Exercise brief: Pull every "longer" line out of the data below.

Given data:
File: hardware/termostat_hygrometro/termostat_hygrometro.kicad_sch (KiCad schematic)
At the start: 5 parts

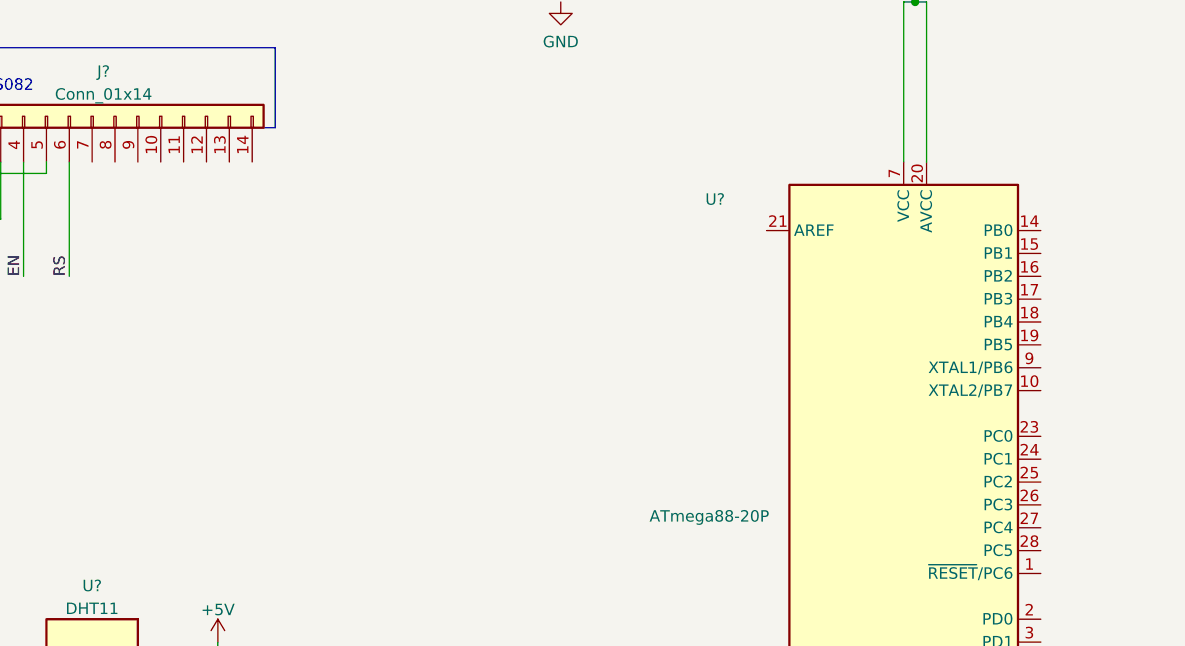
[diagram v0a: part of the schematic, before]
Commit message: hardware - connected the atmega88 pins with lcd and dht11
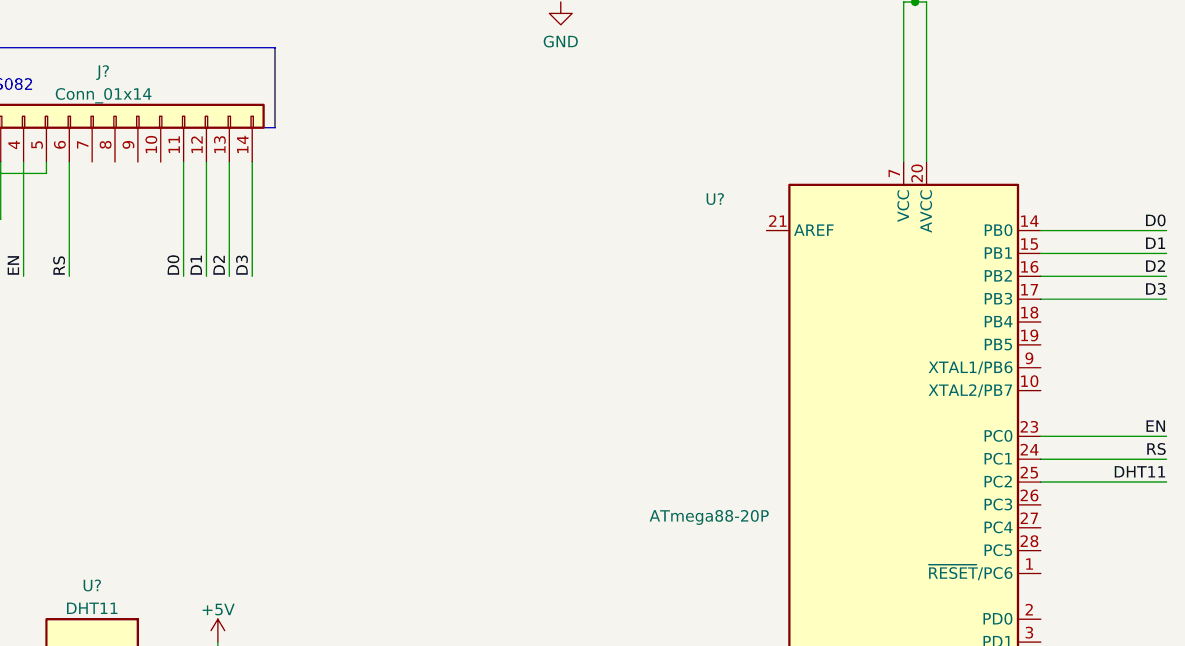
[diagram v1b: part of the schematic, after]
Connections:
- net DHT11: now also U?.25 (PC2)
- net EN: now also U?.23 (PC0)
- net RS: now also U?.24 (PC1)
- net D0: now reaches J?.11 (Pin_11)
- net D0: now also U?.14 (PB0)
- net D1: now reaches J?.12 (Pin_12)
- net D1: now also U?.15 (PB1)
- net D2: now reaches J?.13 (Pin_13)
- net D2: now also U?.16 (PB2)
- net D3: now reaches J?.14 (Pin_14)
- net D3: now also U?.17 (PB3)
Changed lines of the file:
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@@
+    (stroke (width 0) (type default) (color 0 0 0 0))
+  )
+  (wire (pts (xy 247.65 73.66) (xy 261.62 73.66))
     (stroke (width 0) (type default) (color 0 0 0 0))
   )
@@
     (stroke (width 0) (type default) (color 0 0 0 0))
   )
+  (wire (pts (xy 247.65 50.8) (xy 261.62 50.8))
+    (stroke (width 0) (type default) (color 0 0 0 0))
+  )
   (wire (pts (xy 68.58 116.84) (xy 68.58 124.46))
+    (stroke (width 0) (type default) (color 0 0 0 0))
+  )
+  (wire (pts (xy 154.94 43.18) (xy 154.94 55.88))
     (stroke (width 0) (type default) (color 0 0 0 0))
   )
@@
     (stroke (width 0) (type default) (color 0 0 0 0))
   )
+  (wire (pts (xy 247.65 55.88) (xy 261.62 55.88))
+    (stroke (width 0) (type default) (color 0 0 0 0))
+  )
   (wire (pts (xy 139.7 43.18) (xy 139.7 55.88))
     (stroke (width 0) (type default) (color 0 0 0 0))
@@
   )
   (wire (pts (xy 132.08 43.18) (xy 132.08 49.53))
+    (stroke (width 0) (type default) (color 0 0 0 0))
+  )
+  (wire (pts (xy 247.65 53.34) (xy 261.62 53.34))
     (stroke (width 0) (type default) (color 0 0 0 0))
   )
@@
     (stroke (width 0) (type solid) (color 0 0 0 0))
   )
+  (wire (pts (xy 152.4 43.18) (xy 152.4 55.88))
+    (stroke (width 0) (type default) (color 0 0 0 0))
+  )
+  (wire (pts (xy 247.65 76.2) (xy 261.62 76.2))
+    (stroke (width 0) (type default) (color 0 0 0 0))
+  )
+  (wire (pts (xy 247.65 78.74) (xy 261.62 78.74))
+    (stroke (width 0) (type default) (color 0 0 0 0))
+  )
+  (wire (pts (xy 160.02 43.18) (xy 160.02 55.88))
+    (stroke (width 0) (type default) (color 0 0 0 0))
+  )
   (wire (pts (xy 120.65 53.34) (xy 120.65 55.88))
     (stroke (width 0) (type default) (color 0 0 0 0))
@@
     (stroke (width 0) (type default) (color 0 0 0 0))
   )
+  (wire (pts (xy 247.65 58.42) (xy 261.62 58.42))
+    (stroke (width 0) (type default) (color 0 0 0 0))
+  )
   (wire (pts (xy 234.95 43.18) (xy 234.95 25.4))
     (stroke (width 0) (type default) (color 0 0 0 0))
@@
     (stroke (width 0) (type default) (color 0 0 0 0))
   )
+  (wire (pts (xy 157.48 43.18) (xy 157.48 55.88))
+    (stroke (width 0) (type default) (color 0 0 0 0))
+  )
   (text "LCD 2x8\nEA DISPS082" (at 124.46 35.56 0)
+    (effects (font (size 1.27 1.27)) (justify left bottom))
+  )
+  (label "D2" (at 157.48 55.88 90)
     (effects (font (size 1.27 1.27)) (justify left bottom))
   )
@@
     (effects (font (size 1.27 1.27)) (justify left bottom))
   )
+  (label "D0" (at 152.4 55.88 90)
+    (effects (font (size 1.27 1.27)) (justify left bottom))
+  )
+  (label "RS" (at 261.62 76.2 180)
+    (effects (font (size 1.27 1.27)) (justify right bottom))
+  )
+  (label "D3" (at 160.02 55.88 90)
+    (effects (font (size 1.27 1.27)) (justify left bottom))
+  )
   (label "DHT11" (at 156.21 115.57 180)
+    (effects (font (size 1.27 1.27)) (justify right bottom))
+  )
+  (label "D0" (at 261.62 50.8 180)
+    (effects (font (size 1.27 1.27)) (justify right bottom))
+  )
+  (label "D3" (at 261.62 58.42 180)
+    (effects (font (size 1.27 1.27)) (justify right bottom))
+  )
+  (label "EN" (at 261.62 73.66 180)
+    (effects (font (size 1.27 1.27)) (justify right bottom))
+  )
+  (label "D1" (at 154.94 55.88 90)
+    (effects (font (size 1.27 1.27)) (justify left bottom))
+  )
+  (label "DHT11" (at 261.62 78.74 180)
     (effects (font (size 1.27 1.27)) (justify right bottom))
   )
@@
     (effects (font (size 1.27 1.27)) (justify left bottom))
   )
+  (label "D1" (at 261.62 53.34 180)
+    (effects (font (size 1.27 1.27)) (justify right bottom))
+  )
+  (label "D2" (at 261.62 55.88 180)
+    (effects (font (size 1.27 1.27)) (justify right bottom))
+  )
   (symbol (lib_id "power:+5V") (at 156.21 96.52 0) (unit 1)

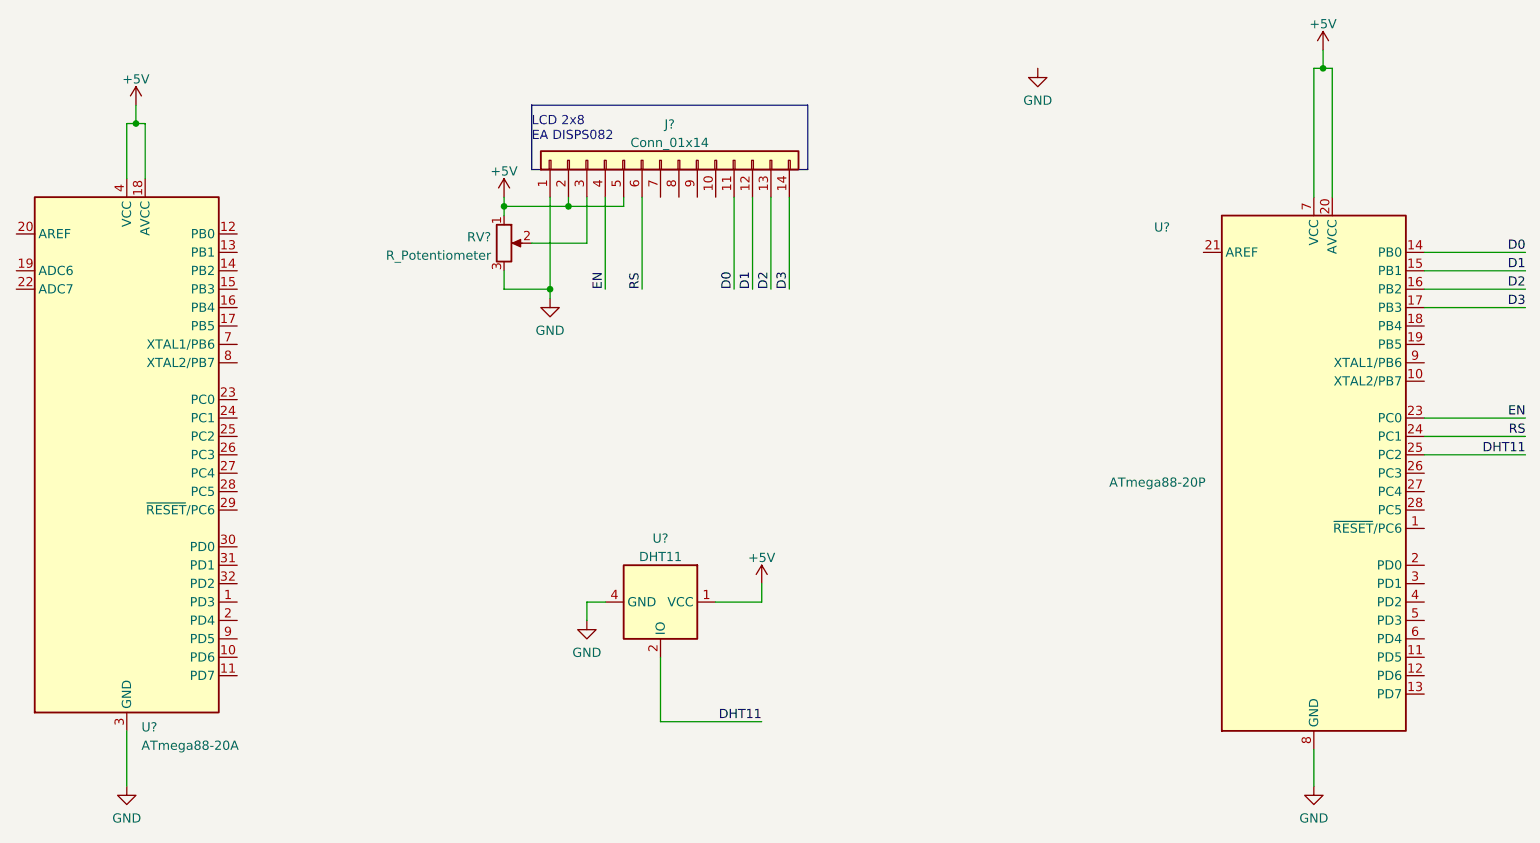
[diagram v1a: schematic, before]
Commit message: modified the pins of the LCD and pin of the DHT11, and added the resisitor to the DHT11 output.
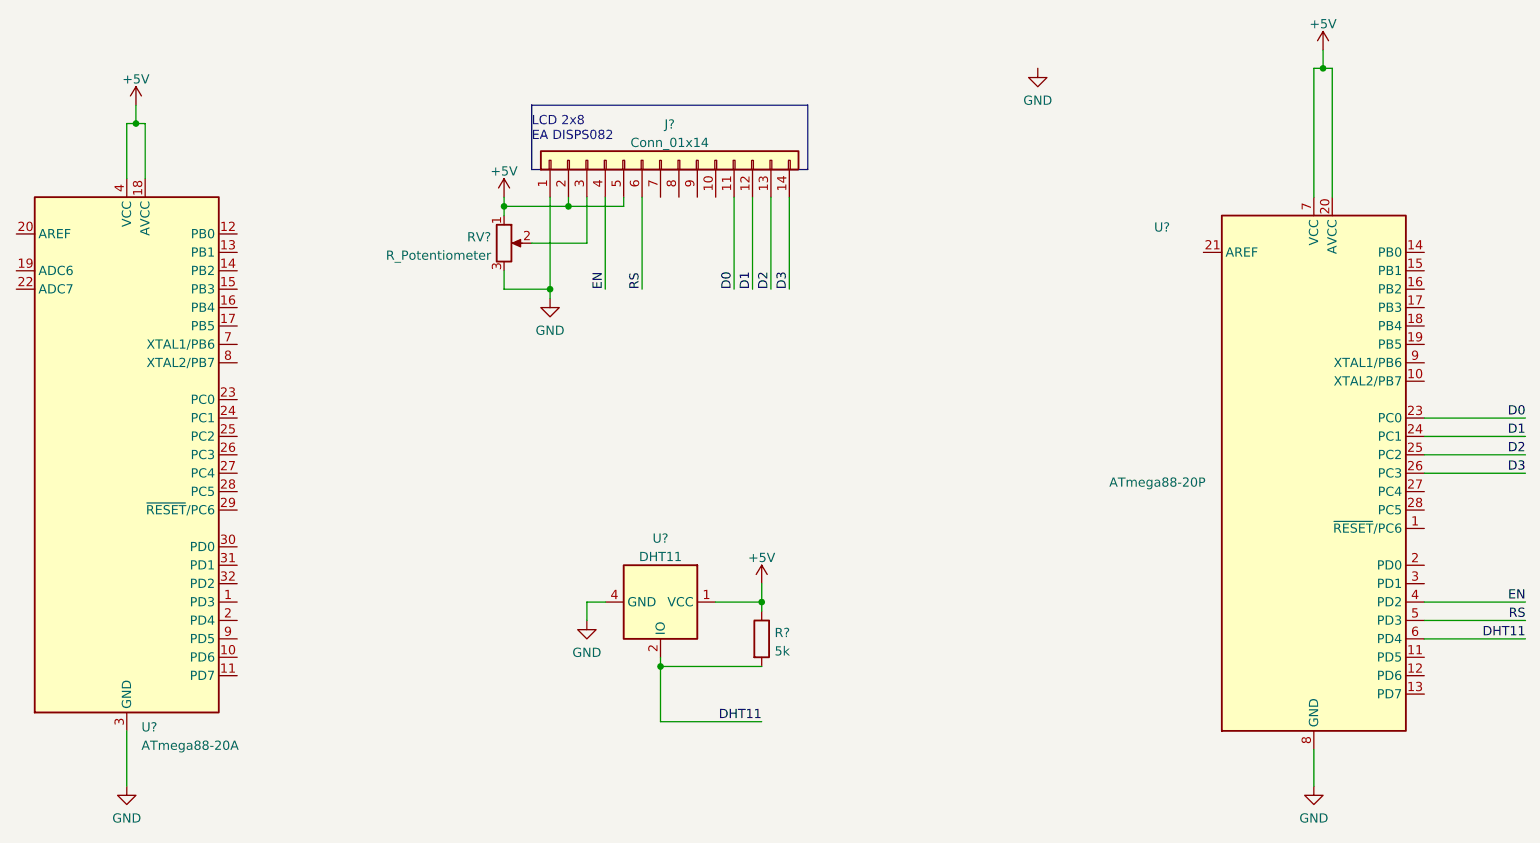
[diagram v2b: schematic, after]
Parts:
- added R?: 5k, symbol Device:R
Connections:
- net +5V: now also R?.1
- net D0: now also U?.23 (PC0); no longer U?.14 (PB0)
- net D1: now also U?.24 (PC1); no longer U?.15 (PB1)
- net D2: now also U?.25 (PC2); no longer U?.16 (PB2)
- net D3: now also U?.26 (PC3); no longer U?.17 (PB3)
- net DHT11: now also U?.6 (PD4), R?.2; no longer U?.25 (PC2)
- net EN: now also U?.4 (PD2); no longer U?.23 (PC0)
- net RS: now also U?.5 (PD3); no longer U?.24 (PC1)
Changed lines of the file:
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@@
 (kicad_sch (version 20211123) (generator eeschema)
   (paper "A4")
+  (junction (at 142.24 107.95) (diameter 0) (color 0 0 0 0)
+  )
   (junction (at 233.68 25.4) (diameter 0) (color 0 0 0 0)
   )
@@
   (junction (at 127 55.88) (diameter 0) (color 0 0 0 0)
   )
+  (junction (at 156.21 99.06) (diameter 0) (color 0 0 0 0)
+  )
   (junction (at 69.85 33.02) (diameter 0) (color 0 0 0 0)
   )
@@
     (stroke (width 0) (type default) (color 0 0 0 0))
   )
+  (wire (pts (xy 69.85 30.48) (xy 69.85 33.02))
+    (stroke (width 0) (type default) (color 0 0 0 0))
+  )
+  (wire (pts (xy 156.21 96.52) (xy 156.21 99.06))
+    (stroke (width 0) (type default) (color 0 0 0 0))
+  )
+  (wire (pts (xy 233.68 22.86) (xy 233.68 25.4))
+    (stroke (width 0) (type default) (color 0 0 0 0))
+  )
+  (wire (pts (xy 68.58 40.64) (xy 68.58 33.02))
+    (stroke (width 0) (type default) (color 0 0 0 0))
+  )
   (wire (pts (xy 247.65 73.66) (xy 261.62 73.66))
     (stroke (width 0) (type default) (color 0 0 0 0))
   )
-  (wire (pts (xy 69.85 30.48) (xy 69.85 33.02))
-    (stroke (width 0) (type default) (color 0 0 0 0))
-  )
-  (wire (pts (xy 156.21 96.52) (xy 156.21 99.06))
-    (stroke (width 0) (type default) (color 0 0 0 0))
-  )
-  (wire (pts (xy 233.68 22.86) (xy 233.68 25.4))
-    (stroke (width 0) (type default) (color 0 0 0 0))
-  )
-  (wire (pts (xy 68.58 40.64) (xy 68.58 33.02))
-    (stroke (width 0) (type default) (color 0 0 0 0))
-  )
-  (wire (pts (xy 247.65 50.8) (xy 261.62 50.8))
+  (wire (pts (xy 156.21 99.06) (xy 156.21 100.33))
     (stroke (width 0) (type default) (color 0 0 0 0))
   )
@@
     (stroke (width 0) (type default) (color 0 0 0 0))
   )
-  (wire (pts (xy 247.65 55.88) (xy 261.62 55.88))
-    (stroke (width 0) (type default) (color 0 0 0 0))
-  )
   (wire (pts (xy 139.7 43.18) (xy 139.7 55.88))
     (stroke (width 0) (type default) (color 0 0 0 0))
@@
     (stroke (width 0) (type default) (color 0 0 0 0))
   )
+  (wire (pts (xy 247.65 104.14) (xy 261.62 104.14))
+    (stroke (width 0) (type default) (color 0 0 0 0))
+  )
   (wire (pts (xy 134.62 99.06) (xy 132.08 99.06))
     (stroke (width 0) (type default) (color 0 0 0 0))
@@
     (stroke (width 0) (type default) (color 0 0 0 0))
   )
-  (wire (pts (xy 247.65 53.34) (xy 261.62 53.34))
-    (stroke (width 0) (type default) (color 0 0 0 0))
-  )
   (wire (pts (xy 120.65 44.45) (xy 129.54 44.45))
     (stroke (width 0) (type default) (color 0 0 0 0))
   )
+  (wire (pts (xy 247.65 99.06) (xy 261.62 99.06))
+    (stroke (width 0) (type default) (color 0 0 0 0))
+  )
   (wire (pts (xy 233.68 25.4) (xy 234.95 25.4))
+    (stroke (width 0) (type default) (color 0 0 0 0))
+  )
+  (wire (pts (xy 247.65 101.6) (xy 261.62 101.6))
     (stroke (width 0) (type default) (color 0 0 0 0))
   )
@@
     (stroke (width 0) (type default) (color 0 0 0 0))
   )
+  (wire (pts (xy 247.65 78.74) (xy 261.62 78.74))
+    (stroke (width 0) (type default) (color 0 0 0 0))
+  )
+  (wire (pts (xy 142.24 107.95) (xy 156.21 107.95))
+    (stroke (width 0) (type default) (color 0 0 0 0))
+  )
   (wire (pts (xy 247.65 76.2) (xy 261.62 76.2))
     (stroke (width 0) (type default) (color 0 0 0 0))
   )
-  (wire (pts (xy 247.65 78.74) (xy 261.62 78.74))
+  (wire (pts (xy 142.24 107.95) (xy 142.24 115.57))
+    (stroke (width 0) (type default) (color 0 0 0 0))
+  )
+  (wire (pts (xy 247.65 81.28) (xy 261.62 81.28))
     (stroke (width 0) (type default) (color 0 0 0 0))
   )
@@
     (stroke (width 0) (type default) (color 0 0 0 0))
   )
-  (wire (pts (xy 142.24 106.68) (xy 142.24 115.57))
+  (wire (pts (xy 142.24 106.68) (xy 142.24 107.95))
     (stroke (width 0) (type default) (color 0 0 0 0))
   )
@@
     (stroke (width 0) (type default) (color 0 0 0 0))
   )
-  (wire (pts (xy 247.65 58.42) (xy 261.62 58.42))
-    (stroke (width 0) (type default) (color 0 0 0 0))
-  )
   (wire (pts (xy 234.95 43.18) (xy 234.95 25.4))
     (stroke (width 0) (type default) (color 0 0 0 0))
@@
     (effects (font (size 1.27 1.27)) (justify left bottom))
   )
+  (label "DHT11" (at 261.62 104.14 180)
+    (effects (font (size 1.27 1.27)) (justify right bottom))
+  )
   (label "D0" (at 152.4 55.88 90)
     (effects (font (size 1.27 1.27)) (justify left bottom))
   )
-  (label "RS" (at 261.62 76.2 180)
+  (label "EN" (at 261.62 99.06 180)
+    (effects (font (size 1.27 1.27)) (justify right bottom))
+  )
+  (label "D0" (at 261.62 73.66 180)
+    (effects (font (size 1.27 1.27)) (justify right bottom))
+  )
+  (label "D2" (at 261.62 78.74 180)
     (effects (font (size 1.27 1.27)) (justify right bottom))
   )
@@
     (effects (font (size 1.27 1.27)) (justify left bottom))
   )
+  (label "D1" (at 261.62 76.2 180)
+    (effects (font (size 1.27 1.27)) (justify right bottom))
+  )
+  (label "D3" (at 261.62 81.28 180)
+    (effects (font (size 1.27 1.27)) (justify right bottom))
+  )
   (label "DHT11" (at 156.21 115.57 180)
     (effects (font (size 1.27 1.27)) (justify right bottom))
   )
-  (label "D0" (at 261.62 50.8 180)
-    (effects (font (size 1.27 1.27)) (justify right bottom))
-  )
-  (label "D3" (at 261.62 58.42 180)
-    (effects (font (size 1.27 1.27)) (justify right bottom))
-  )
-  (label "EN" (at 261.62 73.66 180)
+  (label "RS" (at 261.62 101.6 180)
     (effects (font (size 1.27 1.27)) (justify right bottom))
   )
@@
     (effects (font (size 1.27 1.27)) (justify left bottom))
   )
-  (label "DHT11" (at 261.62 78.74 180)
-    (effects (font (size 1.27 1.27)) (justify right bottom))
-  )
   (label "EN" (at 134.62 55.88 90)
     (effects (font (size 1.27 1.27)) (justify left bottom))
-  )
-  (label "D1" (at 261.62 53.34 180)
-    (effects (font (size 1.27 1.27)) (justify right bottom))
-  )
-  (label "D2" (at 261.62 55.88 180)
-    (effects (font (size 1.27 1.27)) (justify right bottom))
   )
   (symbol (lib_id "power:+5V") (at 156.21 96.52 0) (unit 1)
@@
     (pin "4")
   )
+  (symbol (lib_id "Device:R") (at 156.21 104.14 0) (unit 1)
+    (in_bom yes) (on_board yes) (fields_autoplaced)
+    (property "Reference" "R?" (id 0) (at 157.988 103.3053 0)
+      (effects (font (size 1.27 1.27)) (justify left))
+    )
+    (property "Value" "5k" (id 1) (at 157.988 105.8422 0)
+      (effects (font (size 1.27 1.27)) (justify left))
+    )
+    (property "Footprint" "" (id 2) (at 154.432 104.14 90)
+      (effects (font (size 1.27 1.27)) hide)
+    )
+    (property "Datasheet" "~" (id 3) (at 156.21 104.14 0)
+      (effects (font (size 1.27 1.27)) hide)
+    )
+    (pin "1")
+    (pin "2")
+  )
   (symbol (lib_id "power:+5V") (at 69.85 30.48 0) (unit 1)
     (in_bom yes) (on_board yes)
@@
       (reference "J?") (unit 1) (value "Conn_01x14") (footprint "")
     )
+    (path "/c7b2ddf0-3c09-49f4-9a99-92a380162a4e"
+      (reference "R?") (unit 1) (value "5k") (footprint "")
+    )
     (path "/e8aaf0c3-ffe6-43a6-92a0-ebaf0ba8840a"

Solution:
- net D0: now also U?.23 (PC0); no longer U?.14 (PB0)
- net D1: now also U?.24 (PC1); no longer U?.15 (PB1)
- net D2: now also U?.25 (PC2); no longer U?.16 (PB2)
- net D3: now also U?.26 (PC3); no longer U?.17 (PB3)
- net DHT11: now also U?.6 (PD4), R?.2; no longer U?.25 (PC2)
- net EN: now also U?.4 (PD2); no longer U?.23 (PC0)
- net RS: now also U?.5 (PD3); no longer U?.24 (PC1)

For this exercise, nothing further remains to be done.